I recently read an interview in which an author of Young Adult fiction was asked, “Why are you the only one who could have written this story?”

The implication of the question seems to be that this fictional tale is a metaphor for the author’s life, that her experiences (non-fiction) are simply being recast as fiction. I don’t like that notion. While author’s do draw from their own lives–I’m not arguing that we don’t–whatever happened to the element of imagination?

I’m currently reading Death, Dickinson and the Demented Life of Frenchie Garcia by Jenny Torres, and in the story is a scene where the protagonist (Frenchie)–a smoker–is asked to take a deep drag off a cigarette because another character (Andy) wants her to describe what she feels. He can’t get past the taste of cigarettes, but loves the idea of how it seems to feel so relaxing. Frenchie takes that drag and describes it as such:

And when you exhale, it’s like you’re letting everything go. Like the smoke scoops up all your worries and expels them from your body and they’re gone for that second.

Whether you’ve ever smoked or not, there’s a truth in those words, because you’ve seen others feel this way, or have felt this way yourself. Now, is Torres a smoker? Once was? Had a family member or friend who smoked? I don’t know and I don’t care. Because there is an honesty in those words, and that’s all that matters. Because that is the heart of storytelling: delivering a truth.

Truth comes to us in many ways.
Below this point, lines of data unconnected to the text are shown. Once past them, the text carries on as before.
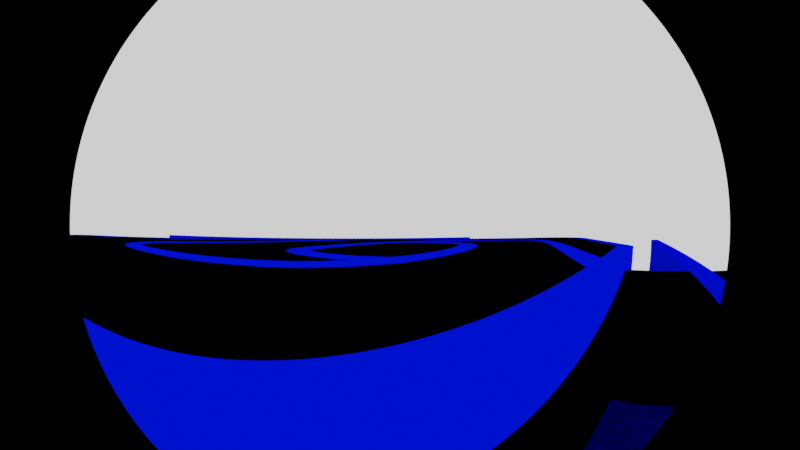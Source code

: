 # Source: draft2WithRealModel.blend  (saved by Blender 2.81.16; exported with 4.5.12 LTS)
import bpy
from mathutils import Matrix  # noqa: F401  (used for matrix-valued properties, if any)

bpy.ops.wm.read_factory_settings(use_empty=True)
scene = bpy.context.scene
scene.name = 'Scene'

# ---- collections
col_collection = bpy.data.collections.new('Collection'); scene.collection.children.link(col_collection)
col_cameras = bpy.data.collections.new('Cameras'); scene.collection.children.link(col_cameras)
col_lights = bpy.data.collections.new('Lights'); scene.collection.children.link(col_lights)
col_characters = bpy.data.collections.new('Characters'); scene.collection.children.link(col_characters)

# ---- materials (node trees are filled in below, after node groups)
mat_plane = bpy.data.materials.new('Plane')
mat_plane.alpha_threshold = 0.0
mat_plane.line_color = (0.0, 0.0, 0.0, 1.0)
mat_material_001 = bpy.data.materials.new('Material.001')

# ---- material node trees
mat_plane.use_nodes = True; mat_plane.node_tree.nodes.clear()
_N = mat_plane.node_tree.nodes; _L = mat_plane.node_tree.links
n0 = _N.new('ShaderNodeOutputMaterial'); n0.name = 'Material Output'; n0.location = (300, 300)
n1 = _N.new('ShaderNodeBsdfToon'); n1.name = 'Toon BSDF'; n1.location = (10, 300)
n1.inputs[0].default_value = (0.0, 0.0, 0.0, 1.0)
_L.new(n1.outputs[0], n0.inputs[0])
n0.is_active_output = True
mat_material_001.use_nodes = True; mat_material_001.node_tree.nodes.clear()

# ---- world
world_world = bpy.data.worlds.new('World'); scene.world = world_world
world_world.use_nodes = True; world_world.node_tree.nodes.clear()
_N = world_world.node_tree.nodes; _L = world_world.node_tree.links
n0 = _N.new('ShaderNodeOutputWorld'); n0.name = 'World Output'; n0.location = (300, 300)
n1 = _N.new('ShaderNodeBackground'); n1.name = 'Background'; n1.location = (110, 300)
n1.inputs[0].default_value = (1.0, 1.0, 1.0, 1.0)
_L.new(n1.outputs[0], n0.inputs[0])
n0.is_active_output = True
world_world.color = (0.05088, 0.05088, 0.05088)
world_world.use_sun_shadow = False
world_world.sun_shadow_jitter_overblur = 0.0

# ---- cameras
cam_camera = bpy.data.cameras.new('Camera')
cam_camera.type = 'PANO'
cam_camera.lens = 45.9
cam_camera.show_limits = True
cam_camera.show_mist = True
cam_camera.show_name = True
cam_camera.show_sensor = True

# ---- lights
light_spot = bpy.data.lights.new('Spot', 'SPOT')
light_spot.color = (0.763, 0.7498, 1.0)
light_spot.transmission_factor = 0.0
light_spot.energy = 1000.0
light_spot.shadow_soft_size = 5.0
light_spot.shadow_maximum_resolution = 0.006
light_spot.use_absolute_resolution = True
light_spot.spot_blend = 0.0
light_spot.cycles.max_bounces = 24

# ---- meshes
me_plane = bpy.data.meshes.new('Plane')
me_plane.from_pydata([(-1.0, -1.0, 0.0), (1.0, -1.0, 0.0), (-1.0, 1.0, 0.0), (1.0, 1.0, 0.0), (-1.0, 1.0, 0.02851), (-1.0, -1.0, 0.02851), (1.0, -1.0, 0.02851), (1.0, 1.0, 0.02851)], [], [(0, 2, 3, 1), (5, 6, 7, 4), (1, 3, 7, 6), (2, 0, 5, 4), (3, 2, 4, 7), (0, 1, 6, 5)])
_uv = me_plane.uv_layers.new(name='UVMap')
_uv.uv.foreach_set('vector', [0.0, 0.0, 0.0, 1.0, 1.0, 1.0, 1.0, 0.0, 0.0, 0.0, 1.0, 0.0, 1.0, 1.0, 0.0, 1.0, 1.0, 0.0, 1.0, 1.0, 1.0, 1.0, 1.0, 0.0, 0.0, 1.0, 0.0, 0.0, 0.0, 0.0, 0.0, 1.0, 1.0, 1.0, 0.0, 1.0, 0.0, 1.0, 1.0, 1.0, 0.0, 0.0, 1.0, 0.0, 1.0, 0.0, 0.0, 0.0])
me_plane.materials.append(mat_plane)
me_plane.use_remesh_fix_poles = True
me_plane.use_remesh_preserve_attributes = False
me_plane.use_mirror_vertex_groups = False
me_plane.update()
me_chrome = bpy.data.meshes.new('Chrome')
me_chrome.from_pydata([(-10.55, -12.67, 5.458), (9.466, -12.7, 5.458), (-10.55, -12.57, 5.458), (9.463, -12.54, 5.458), (-5.147, -0.9422, 5.476), (3.662, -0.9392, 5.476), (-5.273, -0.3649, 5.476), (3.793, -0.3654, 5.476), (11.45, -4.731, 5.476), (11.58, -4.157, 5.476), (-12.76, -4.693, 5.476), (-12.89, -4.116, 5.476), (-13.09, -7.297, 5.476), (-12.77, -6.861, 5.476), (-5.288, -11.19, 5.476), (-5.126, -10.65, 5.476), (-13.15, -5.08, 5.476), (-13.51, -4.651, 5.476), (3.757, -11.16, 5.476), (3.64, -10.65, 5.476), (11.38, -7.465, 5.476), (11.16, -6.937, 5.476), (12.38, -6.382, 5.476), (11.94, -6.009, 5.476), (11.58, -4.157, 5.476), (11.45, -4.731, 5.476), (11.86, -4.358, 5.476), (12.14, -4.653, 5.476), (12.39, -5.084, 5.476), (12.49, -5.479, 5.476), (12.5, -5.821, 5.476), (11.95, -5.807, 5.476), (11.93, -5.599, 5.476), (11.88, -5.341, 5.476), (11.74, -5.068, 5.476), (11.59, -4.879, 5.476), (12.46, -6.109, 5.476), (11.95, -5.91, 5.476), (12.24, -6.64, 5.476), (12.06, -6.884, 5.476), (11.86, -7.101, 5.476), (11.63, -7.287, 5.476), (11.34, -6.807, 5.476), (11.51, -6.662, 5.476), (11.68, -6.465, 5.476), (11.81, -6.246, 5.476), (-13.49, -6.934, 5.476), (-13.81, -6.325, 5.476), (-13.87, -5.642, 5.476), (-13.77, -5.109, 5.476), (-13.26, -5.386, 5.476), (-13.32, -5.793, 5.476), (-13.25, -6.237, 5.476), (-13.04, -6.587, 5.476), (0.1517, -11.19, 5.476), (-1.011, -11.19, 5.476), (-1.006, -10.64, 5.476), (0.07778, -10.64, 5.476), (-0.1088, -10.08, 5.476), (0.9755, -10.07, 5.476), (4.999, -7.041, 5.476), (6.083, -7.037, 5.476), (5.81, -6.547, 5.476), (6.477, -6.71, 5.476), (5.383, -4.691, 5.476), (6.345, -4.606, 5.476), (2.798, -3.641, 5.476), (3.455, -3.267, 5.476), (2.231, -3.492, 5.476), (2.432, -2.975, 5.476), (6.857, -5.209, 5.476), (6.934, -5.506, 5.476), (6.88, -6.064, 5.476), (6.657, -6.491, 5.476), (6.092, -6.315, 5.476), (6.314, -5.965, 5.476), (6.389, -5.632, 5.476), (6.306, -5.342, 5.476), (6.139, -5.148, 5.476), (5.853, -4.946, 5.476), (6.615, -4.834, 5.476), (6.769, -5.027, 5.476), (4.28, -3.566, 5.476), (5.029, -3.901, 5.476), (5.453, -4.095, 5.476), (5.899, -4.334, 5.476), (5.017, -4.508, 5.476), (4.511, -4.27, 5.476), (3.92, -4.018, 5.476), (3.494, -3.86, 5.476), (1.264, -3.477, 5.476), (1.44, -2.891, 5.476), (0.4965, -3.619, 5.476), (0.6742, -2.972, 5.476), (-0.1183, -3.843, 5.476), (-0.2098, -3.279, 5.476), (-1.051, -4.287, 5.476), (-1.259, -3.776, 5.476), (-1.893, -4.81, 5.476), (-2.276, -4.391, 5.476), (1.978, -2.895, 5.476), (1.758, -3.448, 5.476), (-3.09, -5.915, 5.476), (-3.58, -5.635, 5.476), (-3.3, -5.272, 5.476), (-2.988, -4.954, 5.476), (-2.649, -4.67, 5.476), (-2.256, -5.08, 5.476), (-2.603, -5.369, 5.476), (-2.911, -5.694, 5.476), (-3.256, -6.534, 5.476), (-3.83, -6.388, 5.476), (-3.804, -6.204, 5.476), (-3.749, -6.005, 5.476), (-3.664, -5.8, 5.476), (-3.177, -6.097, 5.476), (-3.247, -6.277, 5.476), (-3.263, -6.395, 5.476), (-2.743, -7.376, 5.476), (-3.4, -7.515, 5.476), (-3.584, -7.253, 5.476), (-3.697, -7.02, 5.476), (-3.807, -6.673, 5.476), (-3.174, -6.809, 5.476), (-3.051, -7.04, 5.476), (-2.91, -7.229, 5.476), (-1.943, -7.825, 5.476), (-2.864, -7.994, 5.476), (-3.018, -7.884, 5.476), (-3.243, -7.695, 5.476), (-2.529, -7.548, 5.476), (-2.242, -7.702, 5.476), (-1.551, -8.277, 5.476), (-2.431, -8.487, 5.476), (-3.375, -7.979, 5.476), (-2.849, -8.537, 5.476), (-1.148, -7.501, 5.476), (-0.7795, -7.939, 5.476), (1.062, -5.956, 5.476), (1.432, -6.373, 5.476), (-1.155, -8.118, 5.476), (-1.521, -7.67, 5.476), (1.089, -6.672, 5.476), (0.7409, -6.956, 5.476), (0.3773, -7.234, 5.476), (0.007402, -7.485, 5.476), (-0.3727, -7.727, 5.476), (-0.7435, -7.285, 5.476), (-0.3475, -7.051, 5.476), (0.02429, -6.795, 5.476), (0.3923, -6.52, 5.476), (0.7298, -6.252, 5.476), (1.488, -5.535, 5.476), (1.941, -5.871, 5.476), (1.718, -6.107, 5.476), (1.308, -5.718, 5.476), (1.619, -4.918, 5.476), (2.211, -5.129, 5.476), (2.182, -5.333, 5.476), (2.137, -5.512, 5.476), (2.054, -5.691, 5.476), (1.566, -5.405, 5.476), (1.624, -5.29, 5.476), (1.649, -5.125, 5.476), (1.476, -4.562, 5.476), (2.153, -4.753, 5.476), (0.6958, -3.751, 5.476), (1.522, -3.72, 5.476), (2.185, -4.922, 5.476), (1.536, -4.712, 5.476), (1.759, -3.999, 5.476), (1.885, -4.181, 5.476), (1.992, -4.357, 5.476), (2.075, -4.518, 5.476), (1.316, -4.341, 5.476), (1.196, -4.208, 5.476), (1.062, -4.052, 5.476), (0.9471, -3.94, 5.476), (0.5843, -3.674, 5.476), (1.391, -3.591, 5.476), (1.322, -3.531, 5.476), (0.5438, -3.645, 5.476), (-0.6534, -0.9383, 5.476), (-1.782, -0.9323, 5.476), (-0.6449, -0.3762, 5.476), (-1.775, -0.3765, 5.476), (-2.071, -1.746, 5.476), (-3.199, -1.74, 5.476), (-3.306, -2.424, 5.476), (-4.434, -2.418, 5.476), (-5.112, -3.459, 5.476), (-5.859, -3.262, 5.476), (-6.249, -4.186, 5.476), (-7.189, -4.169, 5.476), (-7.299, -4.972, 5.476), (-8.051, -4.941, 5.476), (-7.684, -6.367, 5.476), (-8.436, -6.337, 5.476), (-7.891, -6.134, 5.476), (-7.969, -6.018, 5.476), (-7.913, -5.701, 5.476), (-7.788, -5.484, 5.476), (-7.529, -5.22, 5.476), (-8.261, -5.177, 5.476), (-8.446, -5.509, 5.476), (-8.521, -5.729, 5.476), (-8.553, -5.982, 5.476), (-8.501, -6.152, 5.476), (-7.974, -5.846, 5.476), (-8.537, -5.855, 5.476), (-5.615, -7.473, 5.476), (-6.25, -7.835, 5.476), (-6.13, -7.282, 5.476), (-6.696, -7.025, 5.476), (-7.353, -6.656, 5.476), (-8.088, -6.769, 5.476), (-7.544, -7.183, 5.476), (-6.902, -7.539, 5.476), (-4.737, -7.745, 5.476), (-5.383, -8.131, 5.476), (-4.005, -7.892, 5.476), (-4.605, -8.337, 5.476), (-3.639, -7.946, 5.476), (-3.679, -8.492, 5.476), (-10.41, -12.84, 5.458), (-0.5516, -12.84, 5.458), (9.309, -12.85, 5.458), (9.345, -12.41, 5.458), (-0.5457, -12.41, 5.458), (-10.42, -12.41, 5.458), (9.372, -12.82, 5.458), (9.413, -12.78, 5.458), (9.424, -12.47, 5.458), (9.393, -12.44, 5.458), (9.446, -12.74, 5.458), (9.443, -12.5, 5.458), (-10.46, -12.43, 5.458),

Through our lived or vicarious experiences, but also through our pure imagination.

In Tap Out I wrote many difficult scenes, because they were violent or vulgar or heartbreaking, and one of the worst is the scene where Tony attacks his mother. Both my agent and editor noted this scene with asterisks and questions in the margin. It’s as raw as they come.

I didn’t live like Tony, never saw such violence firsthand, or ever heard of something similar from others. I made it up. It’s pure imagination. I was close enough to Tony’s heart and soul, as if he were real, and so I knew what he would do. That’s all there is to it.

I don’t know what that says about me, or any other author who has the ability to go there. But it happens. And in beautiful ways as well. The Art of Racing in the Rain comes to mind, and The Life of Pi, as do so many other titles.

So, for me, had I been that author, I might have said, “I don’t know that I am the only one. I think I’m fortunate to know what I know, and to use that in writing, but to also have the wherewithal, the imagination, to fill in the blanks as necessary.”